On the model side, families like NVIDIA Nemotron are built with open training data for transparency, while still generating tokens quickly enough to handle advanced reasoning tasks with high accuracy — without increasing compute costs. And with NVIDIA NIM, those models can be packaged into ready-to-run microservices, making it easier for teams to roll them out and scale across environments while achieving the lowest total cost of ownership.
Together, these layers — dynamic orchestration, optimized execution, well-designed models and simplified deployment — form the backbone of inference enablement for cloud providers and enterprises alike.
Return on Investment Driven by Performance
As AI adoption grows, organizations are increasingly looking to maximize the return on investment from each user query.
Performance is the biggest driver of return on investment. A 4x increase in performance from the NVIDIA Hopper architecture to Blackwell yields up to 10x profit growth within a similar power budget.
In power-limited data centers and AI factories, generating more tokens per watt translates directly to higher revenue per rack. Managing token throughput efficiently — balancing latency, accuracy and user load — is crucial for keeping costs down.

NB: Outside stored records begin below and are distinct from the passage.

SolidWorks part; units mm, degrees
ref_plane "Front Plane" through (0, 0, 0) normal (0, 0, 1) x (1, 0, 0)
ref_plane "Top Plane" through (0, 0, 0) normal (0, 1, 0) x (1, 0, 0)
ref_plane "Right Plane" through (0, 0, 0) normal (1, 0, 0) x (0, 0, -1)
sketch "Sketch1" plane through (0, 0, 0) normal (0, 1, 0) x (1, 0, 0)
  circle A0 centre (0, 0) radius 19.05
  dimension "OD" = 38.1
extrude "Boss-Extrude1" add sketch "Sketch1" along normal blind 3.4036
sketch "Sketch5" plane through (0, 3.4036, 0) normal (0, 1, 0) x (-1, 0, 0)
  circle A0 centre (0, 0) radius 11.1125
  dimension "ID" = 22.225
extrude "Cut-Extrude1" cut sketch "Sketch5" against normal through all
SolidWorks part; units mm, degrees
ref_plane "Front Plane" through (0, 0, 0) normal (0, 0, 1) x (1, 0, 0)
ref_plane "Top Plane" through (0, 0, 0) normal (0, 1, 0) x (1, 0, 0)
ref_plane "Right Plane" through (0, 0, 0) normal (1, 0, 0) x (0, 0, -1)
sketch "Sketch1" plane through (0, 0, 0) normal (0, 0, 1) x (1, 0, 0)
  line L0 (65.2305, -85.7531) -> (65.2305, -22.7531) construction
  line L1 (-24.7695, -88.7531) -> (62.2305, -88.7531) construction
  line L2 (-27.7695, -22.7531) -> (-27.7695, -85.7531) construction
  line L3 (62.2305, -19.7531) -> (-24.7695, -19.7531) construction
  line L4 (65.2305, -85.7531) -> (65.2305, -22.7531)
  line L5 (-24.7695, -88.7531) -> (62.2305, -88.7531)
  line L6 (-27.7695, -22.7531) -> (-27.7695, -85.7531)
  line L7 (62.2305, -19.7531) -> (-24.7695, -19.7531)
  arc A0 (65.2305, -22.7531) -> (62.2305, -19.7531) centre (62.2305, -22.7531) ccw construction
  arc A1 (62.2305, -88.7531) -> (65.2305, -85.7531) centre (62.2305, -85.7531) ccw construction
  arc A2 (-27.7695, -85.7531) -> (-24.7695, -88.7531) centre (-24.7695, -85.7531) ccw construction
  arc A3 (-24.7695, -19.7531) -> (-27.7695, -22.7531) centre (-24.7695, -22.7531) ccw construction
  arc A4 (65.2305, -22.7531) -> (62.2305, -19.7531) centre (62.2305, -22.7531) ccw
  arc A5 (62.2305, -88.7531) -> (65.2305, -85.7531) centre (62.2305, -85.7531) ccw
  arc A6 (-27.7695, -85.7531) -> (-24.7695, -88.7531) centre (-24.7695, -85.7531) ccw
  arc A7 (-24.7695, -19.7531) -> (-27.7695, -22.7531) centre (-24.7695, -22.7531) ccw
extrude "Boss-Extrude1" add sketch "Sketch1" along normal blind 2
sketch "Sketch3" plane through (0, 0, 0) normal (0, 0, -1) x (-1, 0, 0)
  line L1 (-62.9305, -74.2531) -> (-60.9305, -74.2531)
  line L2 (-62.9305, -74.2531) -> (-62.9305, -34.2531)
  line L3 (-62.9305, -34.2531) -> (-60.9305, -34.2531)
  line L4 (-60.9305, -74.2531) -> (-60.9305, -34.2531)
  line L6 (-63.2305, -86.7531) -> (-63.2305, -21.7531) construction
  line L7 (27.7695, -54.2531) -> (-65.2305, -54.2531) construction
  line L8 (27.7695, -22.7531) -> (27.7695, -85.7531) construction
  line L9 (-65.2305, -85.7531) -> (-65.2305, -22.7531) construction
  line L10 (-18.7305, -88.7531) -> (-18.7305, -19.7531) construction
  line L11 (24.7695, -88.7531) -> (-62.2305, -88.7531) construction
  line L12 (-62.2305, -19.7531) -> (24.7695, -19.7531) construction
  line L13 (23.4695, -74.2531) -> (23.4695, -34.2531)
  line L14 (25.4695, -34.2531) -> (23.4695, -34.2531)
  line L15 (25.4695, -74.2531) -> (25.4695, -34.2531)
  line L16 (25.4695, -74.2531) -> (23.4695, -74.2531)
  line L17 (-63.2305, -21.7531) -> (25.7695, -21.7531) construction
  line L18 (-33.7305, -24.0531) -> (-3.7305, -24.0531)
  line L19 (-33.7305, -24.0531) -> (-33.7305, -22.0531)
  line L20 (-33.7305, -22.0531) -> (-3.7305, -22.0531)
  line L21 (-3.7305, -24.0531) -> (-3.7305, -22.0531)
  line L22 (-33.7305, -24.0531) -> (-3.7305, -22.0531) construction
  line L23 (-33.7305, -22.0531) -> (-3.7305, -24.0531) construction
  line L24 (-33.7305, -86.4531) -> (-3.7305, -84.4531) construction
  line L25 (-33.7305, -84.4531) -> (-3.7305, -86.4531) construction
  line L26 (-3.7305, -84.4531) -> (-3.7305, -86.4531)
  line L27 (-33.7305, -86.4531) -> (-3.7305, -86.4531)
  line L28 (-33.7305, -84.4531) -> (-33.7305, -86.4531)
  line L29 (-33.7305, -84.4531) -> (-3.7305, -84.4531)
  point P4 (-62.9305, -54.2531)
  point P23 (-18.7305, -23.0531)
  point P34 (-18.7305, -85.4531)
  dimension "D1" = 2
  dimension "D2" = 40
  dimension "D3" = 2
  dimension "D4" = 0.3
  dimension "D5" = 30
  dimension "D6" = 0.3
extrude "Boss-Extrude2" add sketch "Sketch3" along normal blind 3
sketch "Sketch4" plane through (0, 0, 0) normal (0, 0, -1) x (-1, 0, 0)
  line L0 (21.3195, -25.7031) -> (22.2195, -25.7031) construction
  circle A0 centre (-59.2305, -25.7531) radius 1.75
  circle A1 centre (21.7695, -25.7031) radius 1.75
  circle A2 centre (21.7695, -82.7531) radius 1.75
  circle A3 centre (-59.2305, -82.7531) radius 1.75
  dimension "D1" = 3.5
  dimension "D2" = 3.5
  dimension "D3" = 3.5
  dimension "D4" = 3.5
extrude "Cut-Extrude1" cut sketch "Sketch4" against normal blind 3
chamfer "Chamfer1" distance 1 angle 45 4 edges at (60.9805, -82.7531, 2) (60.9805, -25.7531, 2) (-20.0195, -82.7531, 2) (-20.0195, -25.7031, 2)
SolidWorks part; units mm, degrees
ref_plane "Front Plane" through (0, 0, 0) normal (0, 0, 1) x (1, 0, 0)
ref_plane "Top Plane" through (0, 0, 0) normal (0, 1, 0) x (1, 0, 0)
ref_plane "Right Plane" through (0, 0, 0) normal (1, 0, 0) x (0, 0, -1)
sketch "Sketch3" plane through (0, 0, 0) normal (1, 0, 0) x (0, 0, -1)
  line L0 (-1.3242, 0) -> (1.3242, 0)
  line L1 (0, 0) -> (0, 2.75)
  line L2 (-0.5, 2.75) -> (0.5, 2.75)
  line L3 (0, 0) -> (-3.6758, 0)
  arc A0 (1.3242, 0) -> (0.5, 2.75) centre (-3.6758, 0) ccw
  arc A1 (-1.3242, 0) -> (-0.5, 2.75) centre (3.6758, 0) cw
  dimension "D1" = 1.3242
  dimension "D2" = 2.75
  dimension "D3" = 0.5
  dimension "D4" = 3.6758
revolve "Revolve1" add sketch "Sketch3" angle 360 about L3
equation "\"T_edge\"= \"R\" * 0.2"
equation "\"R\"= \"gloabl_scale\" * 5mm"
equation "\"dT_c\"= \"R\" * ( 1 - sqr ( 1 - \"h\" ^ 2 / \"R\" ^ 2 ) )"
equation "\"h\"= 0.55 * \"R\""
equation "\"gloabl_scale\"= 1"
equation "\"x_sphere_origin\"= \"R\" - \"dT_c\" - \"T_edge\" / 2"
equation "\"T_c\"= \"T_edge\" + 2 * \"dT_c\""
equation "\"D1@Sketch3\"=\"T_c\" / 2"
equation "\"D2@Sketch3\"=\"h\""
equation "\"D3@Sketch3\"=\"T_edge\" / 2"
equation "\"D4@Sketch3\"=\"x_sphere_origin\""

The industry is seeing rapid cost improvements, going as far as reducing costs-per-million-tokens by 80% through stack-wide optimizations. The same gains are achievable running gpt-oss and other open-source models from NVIDIA’s inference ecosystem, whether in hyperscale data centers or on local AI PCs.
Technology Ecosystem and Install Base
As models advance — featuring longer context windows, more tokens and more sophisticated runtime behaviors — their inference performance scales.
Open models are a driving force in this momentum, accelerating over 70% of AI inference workloads today. They enable startups and enterprises alike to build custom agents, copilots and applications across every sector.
Open-source communities play a critical role in the generative AI ecosystem — fostering collaboration, accelerating innovation and democratizing access. NVIDIA has over 1,000 open-source projects on GitHub in addition to 450 models and more than 80 datasets on Hugging Face. These help integrate popular frameworks like JAX, PyTorch, vLLM and TensorRT-LLM into NVIDIA’s inference platform — ensuring maximum inference performance and flexibility across configurations.
That’s why NVIDIA continues to contribute to open-source projects like llm-d and collaborate with industry leaders on open models, including Llama, Google Gemma, NVIDIA Nemotron, DeepSeek and gpt-oss — helping bring AI applications from idea to production at unprecedented speed.

The Bottom Line for Optimized Inference
The NVIDIA inference platform, coupled with the Think SMART framework for deploying modern AI workloads, helps enterprises ensure their infrastructure can keep pace with the demands of rapidly advancing models — and that each token generated delivers maximum value.